» **WHAT YOU NEED TO DO**
For each line below that holds the string "units", add one to a tally; report that tally alone.

START DATASET ENTRIES

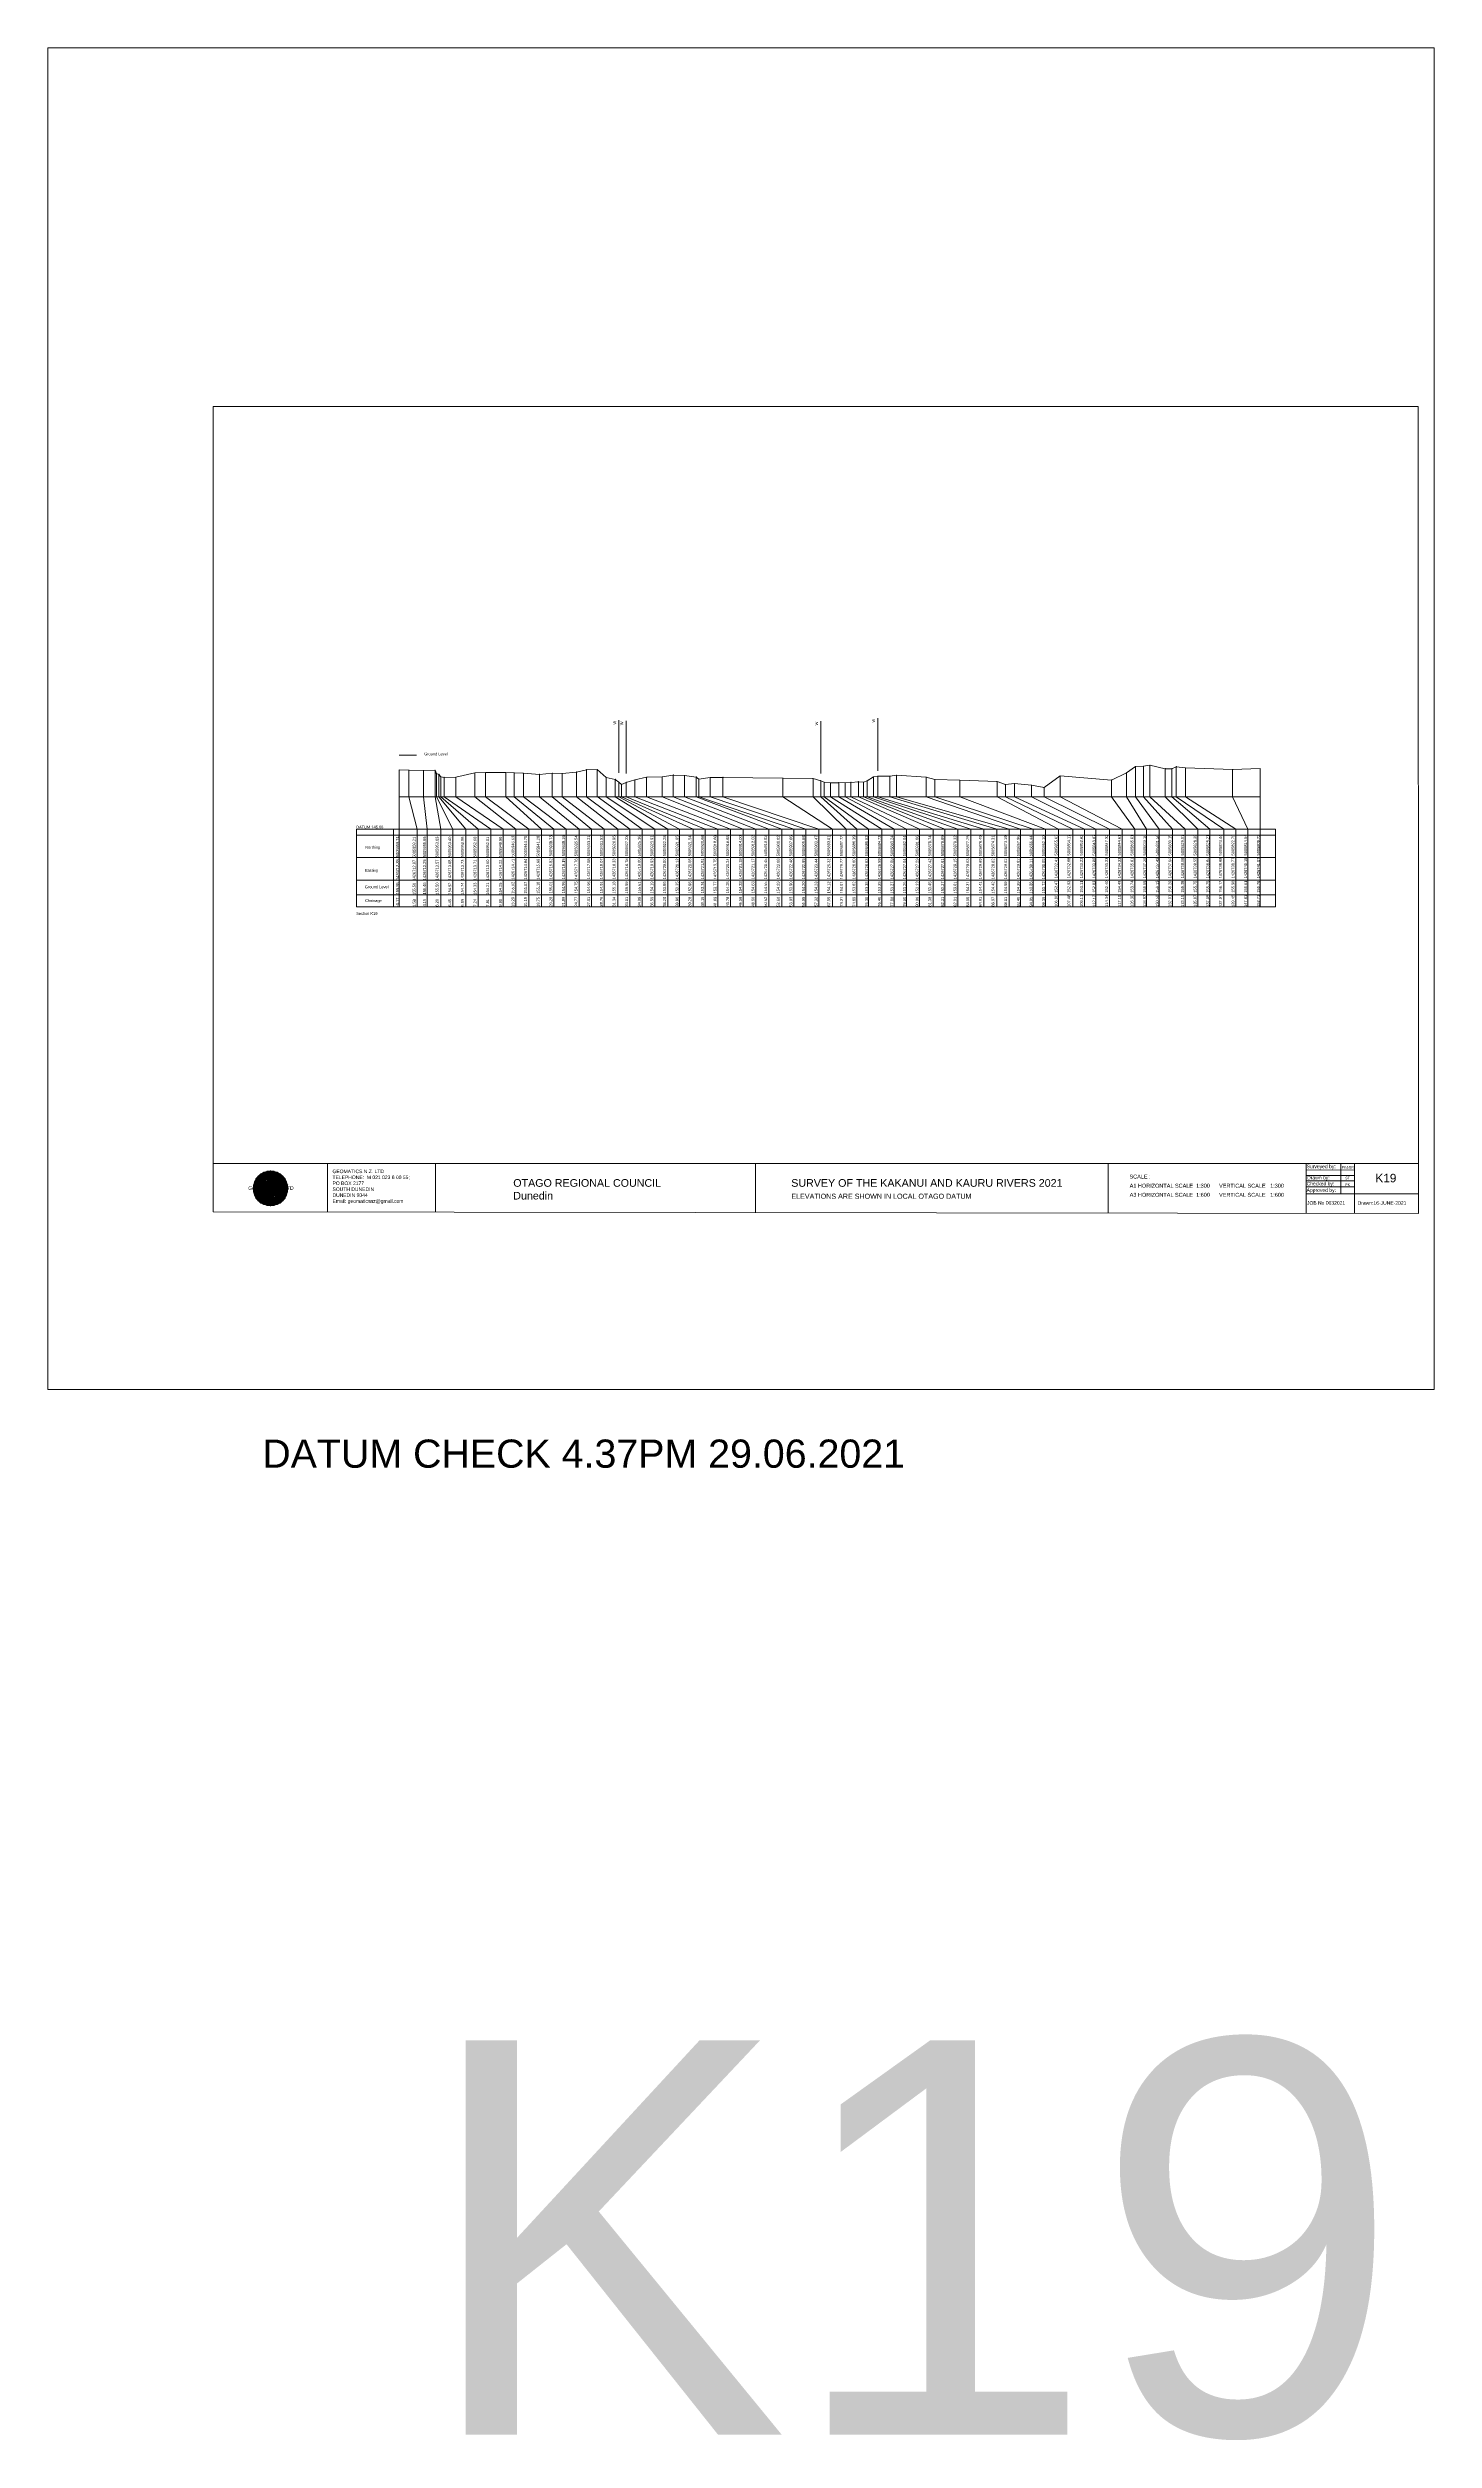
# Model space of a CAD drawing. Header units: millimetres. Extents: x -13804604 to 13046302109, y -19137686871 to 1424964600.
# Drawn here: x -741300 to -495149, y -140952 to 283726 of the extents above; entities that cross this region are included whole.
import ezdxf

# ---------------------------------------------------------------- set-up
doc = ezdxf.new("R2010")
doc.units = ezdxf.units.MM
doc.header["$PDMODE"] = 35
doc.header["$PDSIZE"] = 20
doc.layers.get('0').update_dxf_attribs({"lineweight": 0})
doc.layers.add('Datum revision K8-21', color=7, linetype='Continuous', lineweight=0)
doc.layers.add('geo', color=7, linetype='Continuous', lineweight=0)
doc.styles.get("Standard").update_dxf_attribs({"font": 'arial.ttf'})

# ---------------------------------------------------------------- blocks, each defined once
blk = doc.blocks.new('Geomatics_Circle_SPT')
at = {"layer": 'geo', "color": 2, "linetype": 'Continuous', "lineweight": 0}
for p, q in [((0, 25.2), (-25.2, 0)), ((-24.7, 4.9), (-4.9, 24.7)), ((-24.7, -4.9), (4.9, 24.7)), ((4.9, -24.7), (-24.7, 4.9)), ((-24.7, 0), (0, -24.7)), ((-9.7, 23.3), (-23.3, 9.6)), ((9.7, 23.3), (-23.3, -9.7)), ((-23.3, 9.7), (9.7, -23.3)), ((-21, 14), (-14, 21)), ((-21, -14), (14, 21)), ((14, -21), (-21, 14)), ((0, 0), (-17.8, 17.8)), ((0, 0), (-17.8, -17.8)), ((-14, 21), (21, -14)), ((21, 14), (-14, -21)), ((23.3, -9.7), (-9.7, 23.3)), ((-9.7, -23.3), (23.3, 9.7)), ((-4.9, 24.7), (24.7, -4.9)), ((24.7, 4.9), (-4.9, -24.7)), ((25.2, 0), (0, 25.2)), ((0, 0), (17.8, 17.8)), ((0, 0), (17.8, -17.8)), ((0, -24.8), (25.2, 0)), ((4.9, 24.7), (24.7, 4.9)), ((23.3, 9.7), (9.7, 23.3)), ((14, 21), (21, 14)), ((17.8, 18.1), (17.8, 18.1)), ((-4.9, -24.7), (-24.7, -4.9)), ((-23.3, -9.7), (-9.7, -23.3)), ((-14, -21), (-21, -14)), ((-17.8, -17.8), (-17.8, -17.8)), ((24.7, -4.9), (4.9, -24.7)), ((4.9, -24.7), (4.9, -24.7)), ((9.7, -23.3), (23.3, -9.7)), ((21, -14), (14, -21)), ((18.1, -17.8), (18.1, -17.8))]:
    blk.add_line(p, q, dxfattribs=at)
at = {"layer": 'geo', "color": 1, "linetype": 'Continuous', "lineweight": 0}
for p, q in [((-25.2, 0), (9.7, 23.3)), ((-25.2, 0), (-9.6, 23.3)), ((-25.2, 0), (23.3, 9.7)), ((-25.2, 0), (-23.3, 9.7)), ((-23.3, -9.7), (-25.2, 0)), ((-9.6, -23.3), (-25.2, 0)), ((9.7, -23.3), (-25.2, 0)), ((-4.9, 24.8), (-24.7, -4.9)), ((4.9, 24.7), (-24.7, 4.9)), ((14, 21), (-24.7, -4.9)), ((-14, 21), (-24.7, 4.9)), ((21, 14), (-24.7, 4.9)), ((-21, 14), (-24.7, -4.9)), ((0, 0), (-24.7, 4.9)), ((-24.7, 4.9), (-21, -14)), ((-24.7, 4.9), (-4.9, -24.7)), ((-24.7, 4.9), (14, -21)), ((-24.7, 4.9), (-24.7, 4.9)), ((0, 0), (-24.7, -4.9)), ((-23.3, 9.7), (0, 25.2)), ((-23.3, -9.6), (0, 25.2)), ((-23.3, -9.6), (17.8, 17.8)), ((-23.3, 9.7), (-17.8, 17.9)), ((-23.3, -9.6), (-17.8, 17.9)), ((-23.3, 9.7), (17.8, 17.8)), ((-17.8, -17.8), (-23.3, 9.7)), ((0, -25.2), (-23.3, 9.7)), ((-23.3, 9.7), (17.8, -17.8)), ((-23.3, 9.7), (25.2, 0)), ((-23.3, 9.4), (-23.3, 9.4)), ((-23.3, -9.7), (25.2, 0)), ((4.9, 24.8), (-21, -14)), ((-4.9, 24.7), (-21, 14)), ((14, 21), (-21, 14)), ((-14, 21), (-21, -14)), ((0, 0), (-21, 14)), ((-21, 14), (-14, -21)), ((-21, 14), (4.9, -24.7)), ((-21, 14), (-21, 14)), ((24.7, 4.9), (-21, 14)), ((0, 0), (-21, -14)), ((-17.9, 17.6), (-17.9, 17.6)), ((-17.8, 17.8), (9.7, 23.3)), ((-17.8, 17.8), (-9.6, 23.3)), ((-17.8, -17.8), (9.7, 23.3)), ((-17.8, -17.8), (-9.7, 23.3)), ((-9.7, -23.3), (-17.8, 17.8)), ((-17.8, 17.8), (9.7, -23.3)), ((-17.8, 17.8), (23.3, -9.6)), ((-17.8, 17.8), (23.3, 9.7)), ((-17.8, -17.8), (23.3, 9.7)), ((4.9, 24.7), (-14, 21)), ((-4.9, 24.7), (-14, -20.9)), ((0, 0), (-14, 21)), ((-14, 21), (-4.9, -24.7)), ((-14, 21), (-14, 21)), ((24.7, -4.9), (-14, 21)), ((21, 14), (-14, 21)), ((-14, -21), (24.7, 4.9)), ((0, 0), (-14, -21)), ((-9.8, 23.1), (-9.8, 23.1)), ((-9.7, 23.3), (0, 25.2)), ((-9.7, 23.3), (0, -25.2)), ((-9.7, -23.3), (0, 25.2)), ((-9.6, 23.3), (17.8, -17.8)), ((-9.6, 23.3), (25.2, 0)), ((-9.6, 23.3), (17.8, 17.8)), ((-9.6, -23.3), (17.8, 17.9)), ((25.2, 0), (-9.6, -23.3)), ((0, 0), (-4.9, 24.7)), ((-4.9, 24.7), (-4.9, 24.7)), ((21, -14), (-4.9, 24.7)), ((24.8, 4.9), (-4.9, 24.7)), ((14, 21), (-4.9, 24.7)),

END DATASET ENTRIES

» **RESULT OF THE TASK**
2